Huckleberry Hounded – Huckleberry Cafe & Bakery/Santa MonicaPosted: 02/07/2011 Filed under: Restaurants, Santa Monica, Westside | Tags: Breads, brunch, cafe, Huckleberry Cafe 4 Comments
My good friends Lauren and Cindy have hounded me for so long to make the trip to Huckleberry Cafe & Bakery in Santa Monica. Knowing how I love my bread and pastries, they couldn’t believe that I’d never been there. Since we were going to a vintage clothing fair at the Civic Center, we thought this would be the perfect opportunity. Cue the California sunshine, blue skies and cool breezes. It’s February, the dead of winter everywhere else, and it’s 80 degrees in Santa Monica.

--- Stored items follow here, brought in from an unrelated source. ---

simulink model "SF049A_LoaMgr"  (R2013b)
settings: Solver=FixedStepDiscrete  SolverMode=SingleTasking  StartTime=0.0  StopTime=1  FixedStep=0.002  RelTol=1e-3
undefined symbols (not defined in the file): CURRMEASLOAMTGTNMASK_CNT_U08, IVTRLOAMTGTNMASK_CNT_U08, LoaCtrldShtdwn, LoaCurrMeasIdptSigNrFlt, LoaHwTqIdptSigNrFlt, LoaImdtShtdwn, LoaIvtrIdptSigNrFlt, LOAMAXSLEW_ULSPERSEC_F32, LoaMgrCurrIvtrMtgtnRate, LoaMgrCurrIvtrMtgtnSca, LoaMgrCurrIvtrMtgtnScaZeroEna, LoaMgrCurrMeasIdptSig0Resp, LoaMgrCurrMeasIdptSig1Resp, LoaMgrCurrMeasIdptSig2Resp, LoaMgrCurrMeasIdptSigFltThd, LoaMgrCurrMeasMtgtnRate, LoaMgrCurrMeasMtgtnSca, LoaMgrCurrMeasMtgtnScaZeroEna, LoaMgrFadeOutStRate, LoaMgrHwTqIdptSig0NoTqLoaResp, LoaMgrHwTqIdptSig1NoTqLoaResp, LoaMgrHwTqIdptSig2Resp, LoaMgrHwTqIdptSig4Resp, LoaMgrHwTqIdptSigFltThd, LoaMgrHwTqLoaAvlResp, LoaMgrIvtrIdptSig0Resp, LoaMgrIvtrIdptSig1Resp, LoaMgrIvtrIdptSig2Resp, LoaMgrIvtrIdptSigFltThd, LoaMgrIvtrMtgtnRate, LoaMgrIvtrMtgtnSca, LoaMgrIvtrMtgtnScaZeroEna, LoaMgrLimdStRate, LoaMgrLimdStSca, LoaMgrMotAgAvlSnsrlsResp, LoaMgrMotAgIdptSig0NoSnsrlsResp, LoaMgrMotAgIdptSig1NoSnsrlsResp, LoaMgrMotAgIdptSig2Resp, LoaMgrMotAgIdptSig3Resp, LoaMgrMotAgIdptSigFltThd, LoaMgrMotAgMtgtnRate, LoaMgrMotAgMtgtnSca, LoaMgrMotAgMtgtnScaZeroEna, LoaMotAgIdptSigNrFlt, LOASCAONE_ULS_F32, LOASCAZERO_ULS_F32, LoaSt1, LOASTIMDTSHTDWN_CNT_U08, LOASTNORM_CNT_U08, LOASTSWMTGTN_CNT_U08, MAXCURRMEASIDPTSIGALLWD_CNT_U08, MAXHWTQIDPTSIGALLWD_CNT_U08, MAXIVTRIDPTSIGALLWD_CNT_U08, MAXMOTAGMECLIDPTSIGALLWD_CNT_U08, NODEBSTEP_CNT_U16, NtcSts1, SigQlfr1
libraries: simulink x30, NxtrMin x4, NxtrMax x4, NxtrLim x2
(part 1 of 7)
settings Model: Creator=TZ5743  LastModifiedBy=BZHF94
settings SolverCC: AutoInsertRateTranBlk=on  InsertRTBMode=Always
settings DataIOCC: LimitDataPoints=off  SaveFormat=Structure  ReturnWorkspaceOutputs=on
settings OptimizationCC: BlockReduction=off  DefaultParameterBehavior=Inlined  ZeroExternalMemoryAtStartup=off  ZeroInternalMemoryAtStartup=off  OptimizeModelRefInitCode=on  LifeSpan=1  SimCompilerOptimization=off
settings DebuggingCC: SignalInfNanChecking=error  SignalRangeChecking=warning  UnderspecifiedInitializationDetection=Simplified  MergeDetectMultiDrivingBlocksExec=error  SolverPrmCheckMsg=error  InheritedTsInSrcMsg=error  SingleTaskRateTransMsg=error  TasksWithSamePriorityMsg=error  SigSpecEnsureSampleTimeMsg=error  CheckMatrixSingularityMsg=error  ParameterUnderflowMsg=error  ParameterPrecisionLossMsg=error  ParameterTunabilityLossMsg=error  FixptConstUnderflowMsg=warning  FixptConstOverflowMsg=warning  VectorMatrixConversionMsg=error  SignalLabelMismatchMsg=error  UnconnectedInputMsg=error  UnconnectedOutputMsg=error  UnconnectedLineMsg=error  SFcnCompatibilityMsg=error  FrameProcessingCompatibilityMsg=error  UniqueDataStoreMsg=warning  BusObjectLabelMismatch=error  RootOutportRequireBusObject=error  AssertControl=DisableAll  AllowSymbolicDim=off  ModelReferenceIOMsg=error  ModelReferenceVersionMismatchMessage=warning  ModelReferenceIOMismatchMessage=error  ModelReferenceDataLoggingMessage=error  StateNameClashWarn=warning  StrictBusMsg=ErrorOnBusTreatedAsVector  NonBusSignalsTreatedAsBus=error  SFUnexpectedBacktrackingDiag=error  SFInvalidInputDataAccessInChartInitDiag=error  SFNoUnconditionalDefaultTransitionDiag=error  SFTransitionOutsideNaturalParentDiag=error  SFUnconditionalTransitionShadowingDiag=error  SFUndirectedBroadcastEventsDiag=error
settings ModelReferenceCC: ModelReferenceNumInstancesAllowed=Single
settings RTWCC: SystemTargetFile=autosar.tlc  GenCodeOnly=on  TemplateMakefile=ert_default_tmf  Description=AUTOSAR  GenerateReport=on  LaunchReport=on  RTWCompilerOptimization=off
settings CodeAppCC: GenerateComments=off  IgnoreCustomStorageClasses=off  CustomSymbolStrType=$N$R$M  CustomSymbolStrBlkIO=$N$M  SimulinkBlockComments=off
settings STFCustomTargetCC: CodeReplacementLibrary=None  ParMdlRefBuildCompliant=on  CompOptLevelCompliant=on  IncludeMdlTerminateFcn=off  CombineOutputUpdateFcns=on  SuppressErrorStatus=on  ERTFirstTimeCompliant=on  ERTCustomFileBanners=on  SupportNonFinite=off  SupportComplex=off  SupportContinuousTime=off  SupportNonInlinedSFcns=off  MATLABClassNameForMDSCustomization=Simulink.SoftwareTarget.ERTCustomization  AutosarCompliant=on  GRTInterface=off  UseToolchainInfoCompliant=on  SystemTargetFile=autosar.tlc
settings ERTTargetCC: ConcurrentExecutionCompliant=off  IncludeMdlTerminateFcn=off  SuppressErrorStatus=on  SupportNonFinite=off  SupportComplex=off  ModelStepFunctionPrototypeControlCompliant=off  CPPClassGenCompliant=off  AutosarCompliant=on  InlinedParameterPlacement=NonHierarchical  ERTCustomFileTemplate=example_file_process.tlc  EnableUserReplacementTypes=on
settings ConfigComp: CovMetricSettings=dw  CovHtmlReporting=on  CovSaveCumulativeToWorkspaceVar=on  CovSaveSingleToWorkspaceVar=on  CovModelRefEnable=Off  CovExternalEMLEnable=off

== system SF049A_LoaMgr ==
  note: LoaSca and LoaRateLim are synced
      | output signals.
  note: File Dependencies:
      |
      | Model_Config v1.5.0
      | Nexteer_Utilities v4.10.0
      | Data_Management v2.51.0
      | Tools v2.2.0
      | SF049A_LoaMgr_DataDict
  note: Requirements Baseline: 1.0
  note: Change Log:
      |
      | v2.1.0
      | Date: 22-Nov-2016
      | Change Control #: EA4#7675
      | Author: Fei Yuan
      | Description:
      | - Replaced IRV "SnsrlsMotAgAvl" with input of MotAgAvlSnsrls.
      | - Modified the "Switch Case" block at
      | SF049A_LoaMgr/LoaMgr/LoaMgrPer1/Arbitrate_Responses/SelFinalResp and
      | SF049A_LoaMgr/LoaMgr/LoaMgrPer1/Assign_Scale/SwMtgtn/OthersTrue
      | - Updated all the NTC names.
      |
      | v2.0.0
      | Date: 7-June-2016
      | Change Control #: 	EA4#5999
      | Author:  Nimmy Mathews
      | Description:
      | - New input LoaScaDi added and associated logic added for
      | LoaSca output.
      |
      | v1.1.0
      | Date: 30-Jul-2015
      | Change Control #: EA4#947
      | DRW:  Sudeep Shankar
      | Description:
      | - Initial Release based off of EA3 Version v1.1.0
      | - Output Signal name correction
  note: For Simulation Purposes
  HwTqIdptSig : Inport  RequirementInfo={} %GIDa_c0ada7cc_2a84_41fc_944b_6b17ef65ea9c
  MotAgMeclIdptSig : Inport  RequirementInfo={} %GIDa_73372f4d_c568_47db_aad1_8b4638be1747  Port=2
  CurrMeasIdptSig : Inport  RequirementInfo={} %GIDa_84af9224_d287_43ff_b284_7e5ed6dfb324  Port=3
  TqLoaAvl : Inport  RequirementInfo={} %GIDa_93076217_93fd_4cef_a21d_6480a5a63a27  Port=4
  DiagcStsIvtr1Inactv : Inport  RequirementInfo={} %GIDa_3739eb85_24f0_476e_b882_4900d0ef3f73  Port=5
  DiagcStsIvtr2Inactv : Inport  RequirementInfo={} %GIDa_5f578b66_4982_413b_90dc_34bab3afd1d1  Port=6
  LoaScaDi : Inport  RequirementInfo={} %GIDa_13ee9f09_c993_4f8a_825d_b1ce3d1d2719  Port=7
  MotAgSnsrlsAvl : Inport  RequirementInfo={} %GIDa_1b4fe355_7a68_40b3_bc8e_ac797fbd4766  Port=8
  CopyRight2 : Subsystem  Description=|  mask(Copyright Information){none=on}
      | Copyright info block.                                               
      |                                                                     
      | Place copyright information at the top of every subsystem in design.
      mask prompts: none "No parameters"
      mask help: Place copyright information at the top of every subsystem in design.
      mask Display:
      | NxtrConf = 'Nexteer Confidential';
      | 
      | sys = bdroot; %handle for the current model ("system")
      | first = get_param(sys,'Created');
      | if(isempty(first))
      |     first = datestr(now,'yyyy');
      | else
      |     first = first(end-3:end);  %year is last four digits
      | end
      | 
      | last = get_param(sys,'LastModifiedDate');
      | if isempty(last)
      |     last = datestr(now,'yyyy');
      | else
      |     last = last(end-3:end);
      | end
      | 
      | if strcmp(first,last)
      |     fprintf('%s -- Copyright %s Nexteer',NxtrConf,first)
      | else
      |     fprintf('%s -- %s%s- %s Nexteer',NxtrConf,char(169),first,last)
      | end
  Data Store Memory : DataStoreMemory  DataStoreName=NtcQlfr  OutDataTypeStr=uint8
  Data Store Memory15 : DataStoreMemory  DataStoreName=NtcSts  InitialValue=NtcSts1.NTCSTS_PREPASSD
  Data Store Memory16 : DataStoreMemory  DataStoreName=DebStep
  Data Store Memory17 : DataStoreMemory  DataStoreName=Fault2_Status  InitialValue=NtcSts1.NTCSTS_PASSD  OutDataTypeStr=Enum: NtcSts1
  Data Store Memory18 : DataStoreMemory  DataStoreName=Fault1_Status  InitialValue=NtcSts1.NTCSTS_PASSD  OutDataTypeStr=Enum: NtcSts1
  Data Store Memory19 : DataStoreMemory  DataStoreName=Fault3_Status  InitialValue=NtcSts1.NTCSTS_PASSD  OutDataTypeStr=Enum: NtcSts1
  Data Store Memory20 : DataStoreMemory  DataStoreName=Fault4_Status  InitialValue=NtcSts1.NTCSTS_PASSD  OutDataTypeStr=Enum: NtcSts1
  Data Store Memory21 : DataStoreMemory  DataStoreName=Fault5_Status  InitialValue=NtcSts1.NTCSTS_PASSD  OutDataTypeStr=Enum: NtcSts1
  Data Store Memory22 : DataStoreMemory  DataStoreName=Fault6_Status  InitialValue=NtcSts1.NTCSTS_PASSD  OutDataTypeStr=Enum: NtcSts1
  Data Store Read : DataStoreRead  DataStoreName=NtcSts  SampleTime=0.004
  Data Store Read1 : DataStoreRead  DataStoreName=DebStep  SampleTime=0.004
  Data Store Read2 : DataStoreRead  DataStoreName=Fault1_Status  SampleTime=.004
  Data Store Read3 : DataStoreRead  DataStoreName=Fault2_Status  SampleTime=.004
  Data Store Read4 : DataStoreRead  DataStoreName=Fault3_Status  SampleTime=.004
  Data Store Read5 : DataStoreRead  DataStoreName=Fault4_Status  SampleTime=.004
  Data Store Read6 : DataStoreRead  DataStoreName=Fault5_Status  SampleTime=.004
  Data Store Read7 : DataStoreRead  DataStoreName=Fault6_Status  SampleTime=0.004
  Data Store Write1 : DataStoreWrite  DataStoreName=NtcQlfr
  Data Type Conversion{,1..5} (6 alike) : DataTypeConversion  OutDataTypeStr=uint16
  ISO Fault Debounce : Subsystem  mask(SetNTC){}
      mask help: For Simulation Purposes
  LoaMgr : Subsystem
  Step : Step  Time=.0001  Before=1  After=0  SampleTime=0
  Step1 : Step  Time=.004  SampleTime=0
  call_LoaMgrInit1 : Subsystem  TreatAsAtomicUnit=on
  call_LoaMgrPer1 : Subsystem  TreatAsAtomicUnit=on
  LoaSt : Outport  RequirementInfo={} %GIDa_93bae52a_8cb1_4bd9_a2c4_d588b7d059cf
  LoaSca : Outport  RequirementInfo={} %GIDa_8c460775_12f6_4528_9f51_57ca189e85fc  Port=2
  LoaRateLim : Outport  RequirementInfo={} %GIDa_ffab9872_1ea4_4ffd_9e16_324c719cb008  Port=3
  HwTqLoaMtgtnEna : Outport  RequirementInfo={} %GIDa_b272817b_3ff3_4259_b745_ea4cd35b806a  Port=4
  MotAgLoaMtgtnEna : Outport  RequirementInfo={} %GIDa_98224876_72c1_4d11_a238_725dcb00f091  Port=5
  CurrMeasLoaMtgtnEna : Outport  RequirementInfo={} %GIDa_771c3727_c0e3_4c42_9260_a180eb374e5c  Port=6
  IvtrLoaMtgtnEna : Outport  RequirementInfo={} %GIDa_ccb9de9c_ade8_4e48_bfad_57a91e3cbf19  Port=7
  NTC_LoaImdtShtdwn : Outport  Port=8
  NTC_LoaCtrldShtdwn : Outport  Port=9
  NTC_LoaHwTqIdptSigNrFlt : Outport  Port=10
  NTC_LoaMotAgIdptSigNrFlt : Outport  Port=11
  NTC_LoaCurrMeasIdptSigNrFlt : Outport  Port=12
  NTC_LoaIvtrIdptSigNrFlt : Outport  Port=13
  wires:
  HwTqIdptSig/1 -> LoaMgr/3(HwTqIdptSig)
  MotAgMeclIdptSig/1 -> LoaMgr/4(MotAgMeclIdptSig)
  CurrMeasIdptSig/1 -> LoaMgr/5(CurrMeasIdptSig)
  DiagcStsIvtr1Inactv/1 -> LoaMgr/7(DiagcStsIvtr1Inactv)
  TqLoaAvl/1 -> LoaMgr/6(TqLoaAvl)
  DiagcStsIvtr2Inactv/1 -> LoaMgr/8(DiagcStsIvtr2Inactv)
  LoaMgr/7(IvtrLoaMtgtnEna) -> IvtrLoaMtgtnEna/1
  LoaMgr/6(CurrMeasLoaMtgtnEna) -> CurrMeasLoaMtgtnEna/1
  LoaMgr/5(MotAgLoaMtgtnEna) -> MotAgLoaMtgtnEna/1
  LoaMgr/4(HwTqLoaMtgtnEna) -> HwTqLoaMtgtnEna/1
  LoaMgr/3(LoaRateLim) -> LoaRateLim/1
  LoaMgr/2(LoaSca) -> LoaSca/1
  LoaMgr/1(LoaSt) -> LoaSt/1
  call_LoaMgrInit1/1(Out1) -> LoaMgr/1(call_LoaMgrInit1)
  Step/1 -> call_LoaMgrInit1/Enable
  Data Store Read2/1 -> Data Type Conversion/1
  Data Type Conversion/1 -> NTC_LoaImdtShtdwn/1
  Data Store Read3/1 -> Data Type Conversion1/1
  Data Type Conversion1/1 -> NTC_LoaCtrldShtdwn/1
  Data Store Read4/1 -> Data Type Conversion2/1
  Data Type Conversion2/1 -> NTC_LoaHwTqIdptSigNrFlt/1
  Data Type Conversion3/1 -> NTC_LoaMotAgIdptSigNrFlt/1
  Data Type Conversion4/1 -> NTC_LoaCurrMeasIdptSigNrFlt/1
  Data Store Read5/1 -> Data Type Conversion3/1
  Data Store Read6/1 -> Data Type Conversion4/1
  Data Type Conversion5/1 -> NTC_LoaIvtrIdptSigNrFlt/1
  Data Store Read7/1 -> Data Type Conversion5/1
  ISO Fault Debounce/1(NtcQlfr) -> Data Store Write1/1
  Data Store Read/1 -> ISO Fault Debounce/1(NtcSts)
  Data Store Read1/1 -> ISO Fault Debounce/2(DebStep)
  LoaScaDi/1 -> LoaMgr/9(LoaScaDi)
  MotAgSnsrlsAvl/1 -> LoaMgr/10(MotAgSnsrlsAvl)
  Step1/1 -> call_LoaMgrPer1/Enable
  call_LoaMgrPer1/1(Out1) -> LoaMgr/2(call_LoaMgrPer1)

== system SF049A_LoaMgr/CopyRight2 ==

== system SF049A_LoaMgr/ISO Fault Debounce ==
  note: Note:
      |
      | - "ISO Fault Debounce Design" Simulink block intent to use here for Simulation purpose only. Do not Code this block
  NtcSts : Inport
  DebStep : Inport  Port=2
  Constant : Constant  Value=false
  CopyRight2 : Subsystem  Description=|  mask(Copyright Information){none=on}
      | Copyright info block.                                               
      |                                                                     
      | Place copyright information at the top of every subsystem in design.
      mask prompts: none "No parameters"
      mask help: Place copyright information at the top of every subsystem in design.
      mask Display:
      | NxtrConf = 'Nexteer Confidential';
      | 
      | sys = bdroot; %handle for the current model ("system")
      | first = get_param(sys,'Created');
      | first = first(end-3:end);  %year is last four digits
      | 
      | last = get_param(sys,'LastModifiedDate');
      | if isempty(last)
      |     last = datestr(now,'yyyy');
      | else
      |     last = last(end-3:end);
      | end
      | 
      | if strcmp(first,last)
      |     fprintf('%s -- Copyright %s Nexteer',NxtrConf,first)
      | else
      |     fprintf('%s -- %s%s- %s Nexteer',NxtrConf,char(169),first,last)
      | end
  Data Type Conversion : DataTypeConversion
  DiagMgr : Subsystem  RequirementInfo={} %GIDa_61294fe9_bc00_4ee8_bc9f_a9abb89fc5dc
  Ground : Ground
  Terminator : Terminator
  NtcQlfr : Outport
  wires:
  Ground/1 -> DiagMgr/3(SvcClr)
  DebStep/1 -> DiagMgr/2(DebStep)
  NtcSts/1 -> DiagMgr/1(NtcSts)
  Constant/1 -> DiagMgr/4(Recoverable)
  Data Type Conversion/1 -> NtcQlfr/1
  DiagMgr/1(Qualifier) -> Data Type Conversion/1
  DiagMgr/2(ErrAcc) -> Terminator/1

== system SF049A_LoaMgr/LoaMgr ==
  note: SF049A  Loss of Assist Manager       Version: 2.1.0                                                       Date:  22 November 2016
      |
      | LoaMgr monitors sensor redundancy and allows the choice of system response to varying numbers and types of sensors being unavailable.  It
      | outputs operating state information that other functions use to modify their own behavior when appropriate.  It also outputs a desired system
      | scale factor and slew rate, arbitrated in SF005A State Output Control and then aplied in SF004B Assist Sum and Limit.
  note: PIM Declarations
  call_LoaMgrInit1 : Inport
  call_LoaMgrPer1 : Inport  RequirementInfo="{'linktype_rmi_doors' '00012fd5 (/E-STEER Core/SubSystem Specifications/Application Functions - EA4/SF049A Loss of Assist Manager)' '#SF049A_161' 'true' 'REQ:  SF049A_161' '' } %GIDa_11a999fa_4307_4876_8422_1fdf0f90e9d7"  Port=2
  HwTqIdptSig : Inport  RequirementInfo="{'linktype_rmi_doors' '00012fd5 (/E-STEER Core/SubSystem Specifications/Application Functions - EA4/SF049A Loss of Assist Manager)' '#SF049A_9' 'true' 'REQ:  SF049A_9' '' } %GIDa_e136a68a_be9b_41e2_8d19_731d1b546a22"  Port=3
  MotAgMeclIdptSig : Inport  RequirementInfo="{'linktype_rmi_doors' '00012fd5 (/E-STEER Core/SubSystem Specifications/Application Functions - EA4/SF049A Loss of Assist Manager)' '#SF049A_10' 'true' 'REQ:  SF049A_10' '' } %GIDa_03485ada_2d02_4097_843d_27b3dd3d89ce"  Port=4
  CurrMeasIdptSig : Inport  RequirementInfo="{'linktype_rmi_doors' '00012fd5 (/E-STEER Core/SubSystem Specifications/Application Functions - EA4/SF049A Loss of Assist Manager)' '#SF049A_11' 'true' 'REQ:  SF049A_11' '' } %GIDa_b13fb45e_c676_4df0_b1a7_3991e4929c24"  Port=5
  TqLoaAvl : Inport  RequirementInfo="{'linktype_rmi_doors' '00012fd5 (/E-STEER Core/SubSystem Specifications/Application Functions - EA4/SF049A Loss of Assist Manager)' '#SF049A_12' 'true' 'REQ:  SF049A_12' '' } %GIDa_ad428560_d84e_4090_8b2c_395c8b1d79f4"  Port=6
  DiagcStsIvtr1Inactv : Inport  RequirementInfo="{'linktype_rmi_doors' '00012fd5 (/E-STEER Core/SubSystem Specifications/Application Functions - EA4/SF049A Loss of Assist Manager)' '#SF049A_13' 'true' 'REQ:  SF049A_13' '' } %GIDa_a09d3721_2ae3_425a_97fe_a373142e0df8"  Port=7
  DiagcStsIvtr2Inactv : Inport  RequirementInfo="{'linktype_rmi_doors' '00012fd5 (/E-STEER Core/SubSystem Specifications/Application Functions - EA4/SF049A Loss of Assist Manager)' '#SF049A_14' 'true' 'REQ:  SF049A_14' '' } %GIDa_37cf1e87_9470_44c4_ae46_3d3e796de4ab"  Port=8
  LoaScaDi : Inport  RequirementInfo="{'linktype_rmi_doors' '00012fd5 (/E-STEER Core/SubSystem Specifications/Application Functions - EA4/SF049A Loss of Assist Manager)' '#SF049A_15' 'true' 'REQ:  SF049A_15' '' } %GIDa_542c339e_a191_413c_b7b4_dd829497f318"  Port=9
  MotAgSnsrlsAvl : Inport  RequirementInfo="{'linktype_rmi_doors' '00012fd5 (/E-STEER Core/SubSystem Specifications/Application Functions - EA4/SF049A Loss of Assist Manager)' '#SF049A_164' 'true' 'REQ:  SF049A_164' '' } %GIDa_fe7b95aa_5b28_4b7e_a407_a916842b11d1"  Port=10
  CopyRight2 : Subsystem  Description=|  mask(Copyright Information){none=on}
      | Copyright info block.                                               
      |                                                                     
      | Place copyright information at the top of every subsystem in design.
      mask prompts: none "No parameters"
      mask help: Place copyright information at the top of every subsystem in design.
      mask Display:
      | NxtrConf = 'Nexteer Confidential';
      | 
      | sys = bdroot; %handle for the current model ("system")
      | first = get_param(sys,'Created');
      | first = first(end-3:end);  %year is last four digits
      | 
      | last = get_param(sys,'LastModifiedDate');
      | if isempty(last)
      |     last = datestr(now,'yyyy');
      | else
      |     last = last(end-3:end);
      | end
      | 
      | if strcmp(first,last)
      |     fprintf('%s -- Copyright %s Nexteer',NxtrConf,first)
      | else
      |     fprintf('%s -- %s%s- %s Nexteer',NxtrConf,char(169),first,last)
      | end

I’m an ambience kind of girl. Yes, the food is the focus, but I love when I walk into a joint, and it makes me feel comfortable and welcome. That’s how I would describe Huckleberry. It was the height of brunch service and the place was packed with hip urban types, young and old. We had to wait a little while to get seated, but once we did, the place was buzzing with a mellow energy.
To place your order one must stand in a long line. But this gave me the chance to view everything on the shelves, counters and cases. Oh Lawdy! Breads and pastries everywhere. Huckleberry makes all their baked goods right there on site. In fact, we could see their pastry chefs kneading their breads as the kitchen was open to public view. I felt like I was at one of the elementary school bake sales I used to go to as a child. Amazing crusty breads and ciabatta’s, hearty cakes, cookies, cupcakes and muffins. See, this is what appeals to me. I’m not a fan of fancy French pastries, I love good ol’ homestyle goodies. Like mama used to bake, right?
As I made my way through this line I was enticed by fresh made salads, rustic sandwiches and baked goods as far as the eye could see. What to do, what to do!!! I finally decided on the cured salmon platter, with red onion, arugula, cucumber and cream cheese on country toast. Good choice. Simple, but so darn good. But, I would have to finish off the meal with a sweet. So I opted for a whole wheat scone. Scones can tend to be dry and crumbly, but this hit the spot.
The girls and I finished our brunch feeling very content as we left, and continued on our way for a fun day of shopping.